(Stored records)
━━━━

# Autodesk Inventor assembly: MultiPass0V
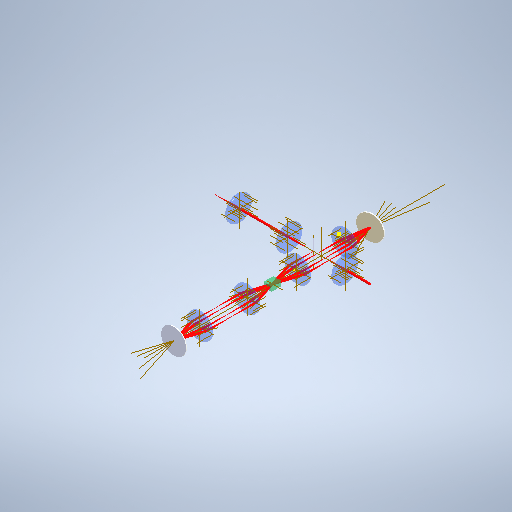
[picture p0: Inventor's stored thumbnail of the model, 512x512]
Saved by Autodesk Inventor 2025 (Build 290162010, 162A)
## iProperties
Created: 2024-08-19
Part Number: MultiPass0V
Document SubType Name: Assembly
Designer: User
Author: User
## Documents named in this file (13)
- C:\Users\User\Desktop\Hari_Laptop_Contents\KerlinLab\KTN\Multipass\MechanicalDrawing\MultiPass0V.iam
- C:\Users\User\Desktop\Hari_Laptop_Contents\KerlinLab\KTN\Multipass\MechanicalDrawing\BB1-E02-Solidworks.ipt
- C:\Users\User\Desktop\Hari_Laptop_Contents\KerlinLab\KTN\Multipass\MechanicalDrawing\LA1608-AB-Solidworks\LA1608-AB-Solidworks.ipt
- C:\Users\User\Desktop\Hari_Laptop_Contents\KerlinLab\KTN\Multipass\MechanicalDrawing\LaserBeamEntry1.ipt
- C:\Users\User\Desktop\Hari_Laptop_Contents\KerlinLab\KTN\Multipass\MechanicalDrawing\EntryMirror.ipt
- C:\Users\User\Desktop\Hari_Laptop_Contents\KerlinLab\KTN\Multipass\MechanicalDrawing\ExitMirror.ipt
- C:\Users\User\Desktop\Hari_Laptop_Contents\KerlinLab\KTN\Multipass\MechanicalDrawing\LaserBeamEntry2.ipt
- C:\Users\User\Desktop\Hari_Laptop_Contents\KerlinLab\KTN\Multipass\MechanicalDrawing\LaserBeamCenter1.ipt
- C:\Users\User\Desktop\Hari_Laptop_Contents\KerlinLab\KTN\Multipass\MechanicalDrawing\LaserBeamMirrorAngle1.ipt
- C:\Users\User\Desktop\Hari_Laptop_Contents\KerlinLab\KTN\Multipass\MechanicalDrawing\LaserBeamCenter2.ipt
- C:\Users\User\Desktop\Hari_Laptop_Contents\KerlinLab\KTN\Multipass\MechanicalDrawing\LaserBeamMirrorAngle2.ipt
- C:\Users\User\Desktop\Hari_Laptop_Contents\KerlinLab\KTN\Multipass\MechanicalDrawing\KTN1.ipt
- C:\Users\User\Desktop\Hari_Laptop_Contents\KerlinLab\KTN\Multipass\MechanicalDrawing\LoopPlane1.ipt
## Components (46 placed, 12 different names)
1. BB1-E02-Solidworks:1 — Mate:15, Mate:16, Mate:17, Mate:68, Mate:115, Mate:116, Mate:117
2. BB1-E02-Solidworks:2 — Mate:13, Mate:14, Mate:18, Mate:64, Mate:65, Mate:66, Mate:100, Mate:102
3. LA1608-AB-Solidworks:1 — Mate:5, Mate:6, Mate:7, Mate:8, Mate:11, Mate:12, Mate:45, Mate:48, Mate:50, Mate:53, Mate:55, Mate:56, Mate:72, Mate:78, Mate:80, Mate:81, Mate:86, Mate:88, Mate:106
4. LA1608-AB-Solidworks:3 — Mate:27, Mate:28, Mate:99, Mate:107, Mate:108
5. LA1608-AB-Solidworks:4 — Mate:7, Mate:8, Mate:12, Mate:13, Mate:14, Mate:18, Mate:49, Mate:51, Mate:52, Mate:54, Mate:73, Mate:77, Mate:79, Mate:82
6. LA1608-AB-Solidworks:5 — Mate:3, Mate:4, Mate:5, Mate:6, Mate:10, Mate:11, Mate:21, Mate:43, Flush:7, Mate:44, Mate:47, Mate:57, Mate:59, Mate:60, Mate:61, Mate:74, Mate:76, Mate:83, Mate:85, Mate:87, Mate:89, Mate:92, Flush:8, Mate:104, Mate:105
7. LA1608-AB-Solidworks:6 — Mate:3, Mate:4, Mate:10, Mate:15, Mate:16, Mate:17, Mate:19, Mate:20, Flush:1, Mate:33, Flush:5, Mate:38, Mate:41, Mate:42, Mate:63, Mate:75, Mate:84
8. LA1608-AB-Solidworks:7 — Mate:29, Flush:2, Mate:30, Mate:31, Flush:3
9. LaserBeamEntry1:1 — Mate:30, Mate:31
10. LaserBeamEntry1:2 — Mate:38, Flush:6, Mate:70
11. EntryMirror:1 — Mate:33, Mate:36, Flush:4
12. LaserBeamEntry2:1 — Mate:35, Flush:3
13. LaserBeamEntry2:2 — Mate:37, Flush:5, Flush:6
14. LaserBeamEntry2:3 — Mate:41, Mate:42
15. LaserBeamEntry2:4 — Mate:43, Flush:7
16. LaserBeamCenter1:1 — Mate:46, Mate:47
17. LaserBeamEntry2:5 — Mate:53, Mate:55
18. LaserBeamEntry2:6 — Mate:60, Mate:61, Mate:62
19. LaserBeamEntry2:8 — Mate:49, Mate:51
20. LaserBeamEntry2:9 — Mate:48, Mate:50
21. LaserBeamEntry2:10 — Mate:52, Mate:54
22. LaserBeamCenter1:2 — Mate:58, Mate:59
23. LaserBeamEntry2:11 — Mate:62, Mate:63
24. LaserBeamMirrorAngle1:1 — Mate:64, Mate:66, Mate:67, Mate:101
25. LaserBeamMirrorAngle1:2 — Mate:65, Mate:67
26. LaserBeamMirrorAngle1:3 — Mate:68, Mate:70, Mate:118
27. LaserBeamEntry2:12 — Mate:72, Mate:81
28. LaserBeamEntry2:13 — Mate:73, Mate:82
29. LaserBeamEntry2:14 — Mate:74, Mate:85
30. LaserBeamEntry2:15 — Mate:75, Mate:84
31. LaserBeamEntry2:16 — Mate:76, Mate:83
32. LaserBeamEntry2:17 — Mate:77, Mate:79
33. LaserBeamEntry2:18 — Mate:78, Mate:80, Mate:93
34. LaserBeamCenter2:1 — Mate:91, Mate:92
35. LaserBeamCenter2:2 — Mate:90, Mate:93
36. LaserBeamEntry2:19 — Mate:96, Mate:109
37. ExitMirror:2 — Mate:98, Mate:99, Flush:8
38. LaserBeamMirrorAngle2:1 — Mate:100, Mate:101, Mate:103
39. LaserBeamMirrorAngle2:2 — Mate:102, Mate:103
40. KTN1:1 — Mate:104, Mate:105, Mate:106, Mate:114
41. LA1608-AB-Solidworks:8 — Mate:107, Mate:108, Mate:110, Mate:112
42. LaserBeamCenter1:3 — Mate:109, Mate:110, Mate:111
43. LaserBeamEntry2:20 — Mate:111, Mate:112
44. LoopPlane1:1 — Mate:113, Mate:114
45. LaserBeamMirrorAngle2:3 — Mate:115, Mate:116
46. LaserBeamMirrorAngle1:4 — Mate:117, Mate:118
## Relationships (113: Mate 105, Flush 8)
- Mate:3: LA1608-AB-Solidworks:5 ↔ LA1608-AB-Solidworks:6
- Mate:4 (-50 mm): LA1608-AB-Solidworks:5 ↔ LA1608-AB-Solidworks:6
- Mate:5: LA1608-AB-Solidworks:1 ↔ LA1608-AB-Solidworks:5
- Mate:6 (50 mm): LA1608-AB-Solidworks:1 ↔ LA1608-AB-Solidworks:5
- Mate:7: LA1608-AB-Solidworks:1 ↔ LA1608-AB-Solidworks:4
- Mate:8 (-50 mm): LA1608-AB-Solidworks:1 ↔ LA1608-AB-Solidworks:4
- Mate:10: LA1608-AB-Solidworks:5 ↔ LA1608-AB-Solidworks:6
- Mate:11: LA1608-AB-Solidworks:1 ↔ LA1608-AB-Solidworks:5
- Mate:12: LA1608-AB-Solidworks:1 ↔ LA1608-AB-Solidworks:4
- Mate:13: BB1-E02-Solidworks:2 ↔ LA1608-AB-Solidworks:4
- Mate:14 (25 mm): BB1-E02-Solidworks:2 ↔ LA1608-AB-Solidworks:4
- Mate:15: BB1-E02-Solidworks:1 ↔ LA1608-AB-Solidworks:6
- Mate:16 (-25 mm): BB1-E02-Solidworks:1 ↔ LA1608-AB-Solidworks:6
- Mate:17: BB1-E02-Solidworks:1 ↔ LA1608-AB-Solidworks:6
- Mate:18: BB1-E02-Solidworks:2 ↔ LA1608-AB-Solidworks:4
- Mate:19: LA1608-AB-Solidworks:6
- Mate:20: LA1608-AB-Solidworks:6
- Mate:21: LA1608-AB-Solidworks:5
- Mate:22
- Mate:23
- Flush:1 (-25 mm): LA1608-AB-Solidworks:6
- Mate:24
- Mate:25
- Mate:27: LA1608-AB-Solidworks:3
- Mate:28 (-34 mm): LA1608-AB-Solidworks:3
- Mate:29: LA1608-AB-Solidworks:7
- Flush:2 (-25 mm): LA1608-AB-Solidworks:7
- Mate:30: LA1608-AB-Solidworks:7 ↔ LaserBeamEntry1:1
- Mate:31: LA1608-AB-Solidworks:7 ↔ LaserBeamEntry1:1
- Mate:33: LA1608-AB-Solidworks:6 ↔ EntryMirror:1
- Mate:35: LaserBeamEntry2:1
- Flush:3: LA1608-AB-Solidworks:7 ↔ LaserBeamEntry2:1
- Mate:36: EntryMirror:1
- Flush:4: EntryMirror:1
- Mate:37: LaserBeamEntry2:2
- Flush:5: LA1608-AB-Solidworks:6 ↔ LaserBeamEntry2:2
- Mate:38: LA1608-AB-Solidworks:6 ↔ LaserBeamEntry1:2
- Flush:6: LaserBeamEntry1:2 ↔ LaserBeamEntry2:2
- Mate:41: LA1608-AB-Solidworks:6 ↔ LaserBeamEntry2:3
- Mate:42: LA1608-AB-Solidworks:6 ↔ LaserBeamEntry2:3
- Mate:43: LA1608-AB-Solidworks:5 ↔ LaserBeamEntry2:4
- Flush:7: LA1608-AB-Solidworks:5 ↔ LaserBeamEntry2:4
- Mate:44: LA1608-AB-Solidworks:5
- Mate:45: LA1608-AB-Solidworks:1
- Mate:46: LaserBeamCenter1:1
- Mate:47: LA1608-AB-Solidworks:5 ↔ LaserBeamCenter1:1
- Mate:48: LA1608-AB-Solidworks:1 ↔ LaserBeamEntry2:9
- Mate:49: LA1608-AB-Solidworks:4 ↔ LaserBeamEntry2:8
- Mate:50: LA1608-AB-Solidworks:1 ↔ LaserBeamEntry2:9
- Mate:51: LA1608-AB-Solidworks:4 ↔ LaserBeamEntry2:8
- Mate:52: LA1608-AB-Solidworks:4 ↔ LaserBeamEntry2:10
- Mate:53: LA1608-AB-Solidworks:1 ↔ LaserBeamEntry2:5
- Mate:54: LA1608-AB-Solidworks:4 ↔ LaserBeamEntry2:10
- Mate:55: LA1608-AB-Solidworks:1 ↔ LaserBeamEntry2:5
- Mate:56: LA1608-AB-Solidworks:1
- Mate:57: LA1608-AB-Solidworks:5
- Mate:58: LaserBeamCenter1:2
- Mate:59: LA1608-AB-Solidworks:5 ↔ LaserBeamCenter1:2
- Mate:60: LA1608-AB-Solidworks:5 ↔ LaserBeamEntry2:6
- Mate:61: LA1608-AB-Solidworks:5 ↔ LaserBeamEntry2:6
- Mate:62: LaserBeamEntry2:6 ↔ LaserBeamEntry2:11
- Mate:63: LA1608-AB-Solidworks:6 ↔ LaserBeamEntry2:11
- Mate:64: BB1-E02-Solidworks:2 ↔ LaserBeamMirrorAngle1:1
- Mate:65: BB1-E02-Solidworks:2 ↔ LaserBeamMirrorAngle1:2
- Mate:66: BB1-E02-Solidworks:2 ↔ LaserBeamMirrorAngle1:1
- Mate:67: LaserBeamMirrorAngle1:1 ↔ LaserBeamMirrorAngle1:2
- Mate:68: BB1-E02-Solidworks:1 ↔ LaserBeamMirrorAngle1:3
- Mate:70: LaserBeamEntry1:2 ↔ LaserBeamMirrorAngle1:3
- Mate:72: LA1608-AB-Solidworks:1 ↔ LaserBeamEntry2:12
- Mate:73: LA1608-AB-Solidworks:4 ↔ LaserBeamEntry2:13
- Mate:74: LA1608-AB-Solidworks:5 ↔ LaserBeamEntry2:14
- Mate:75: LA1608-AB-Solidworks:6 ↔ LaserBeamEntry2:15
- Mate:76: LA1608-AB-Solidworks:5 ↔ LaserBeamEntry2:16
- Mate:77: LA1608-AB-Solidworks:4 ↔ LaserBeamEntry2:17
- Mate:78: LA1608-AB-Solidworks:1 ↔ LaserBeamEntry2:18
- Mate:79: LA1608-AB-Solidworks:4 ↔ LaserBeamEntry2:17
- Mate:80: LA1608-AB-Solidworks:1 ↔ LaserBeamEntry2:18
- Mate:81: LA1608-AB-Solidworks:1 ↔ LaserBeamEntry2:12
- Mate:82: LA1608-AB-Solidworks:4 ↔ LaserBeamEntry2:13
- Mate:83: LA1608-AB-Solidworks:5 ↔ LaserBeamEntry2:16
- Mate:84: LA1608-AB-Solidworks:6 ↔ LaserBeamEntry2:15
- Mate:85: LA1608-AB-Solidworks:5 ↔ LaserBeamEntry2:14
- Mate:86: LA1608-AB-Solidworks:1
- Mate:87: LA1608-AB-Solidworks:5
- Mate:88: LA1608-AB-Solidworks:1
- Mate:89: LA1608-AB-Solidworks:5
- Mate:90: LaserBeamCenter2:2
- Mate:91: LaserBeamCenter2:1
- Mate:92 (0.5 mm): LA1608-AB-Solidworks:5 ↔ LaserBeamCenter2:1
- Mate:93 (0.5 mm): LaserBeamEntry2:18 ↔ LaserBeamCenter2:2
- Mate:96: LaserBeamEntry2:19
- Mate:98: ExitMirror:2
- Mate:99: LA1608-AB-Solidworks:3 ↔ ExitMirror:2
- Flush:8: LA1608-AB-Solidworks:5 ↔ ExitMirror:2
- Mate:100: BB1-E02-Solidworks:2 ↔ LaserBeamMirrorAngle2:1
- Mate:101: LaserBeamMirrorAngle1:1 ↔ LaserBeamMirrorAngle2:1
- Mate:102: BB1-E02-Solidworks:2 ↔ LaserBeamMirrorAngle2:2
- Mate:103: LaserBeamMirrorAngle2:1 ↔ LaserBeamMirrorAngle2:2
- Mate:104: LA1608-AB-Solidworks:5 ↔ KTN1:1
- Mate:105 (25 mm): LA1608-AB-Solidworks:5 ↔ KTN1:1
- Mate:106: LA1608-AB-Solidworks:1 ↔ KTN1:1
- Mate:107: LA1608-AB-Solidworks:3 ↔ LA1608-AB-Solidworks:8
- Mate:108 (50 mm): LA1608-AB-Solidworks:3 ↔ LA1608-AB-Solidworks:8
- Mate:109: LaserBeamEntry2:19 ↔ LaserBeamCenter1:3
- Mate:110: LA1608-AB-Solidworks:8 ↔ LaserBeamCenter1:3
- Mate:111: LaserBeamCenter1:3 ↔ LaserBeamEntry2:20
- Mate:112: LA1608-AB-Solidworks:8 ↔ LaserBeamEntry2:20
- Mate:113: LoopPlane1:1
- Mate:114: KTN1:1 ↔ LoopPlane1:1
- Mate:115: BB1-E02-Solidworks:1 ↔ LaserBeamMirrorAngle2:3
- Mate:116: BB1-E02-Solidworks:1 ↔ LaserBeamMirrorAngle2:3
- Mate:117: BB1-E02-Solidworks:1 ↔ LaserBeamMirrorAngle1:4
- Mate:118: LaserBeamMirrorAngle1:3 ↔ LaserBeamMirrorAngle1:4

━━━━

### [WHAT YOU HAVE TO DO]
Copy out the range of lines above starting at the line with "8. LA1608-AB-Solidworks:7 —" and ending at the line with "12. LaserBeamEntry2:1 — Mate:35, Flush:3", exactly and including both.

### [YOUR RESPONSE]
8. LA1608-AB-Solidworks:7 — Mate:29, Flush:2, Mate:30, Mate:31, Flush:3
9. LaserBeamEntry1:1 — Mate:30, Mate:31
10. LaserBeamEntry1:2 — Mate:38, Flush:6, Mate:70
11. EntryMirror:1 — Mate:33, Mate:36, Flush:4
12. LaserBeamEntry2:1 — Mate:35, Flush:3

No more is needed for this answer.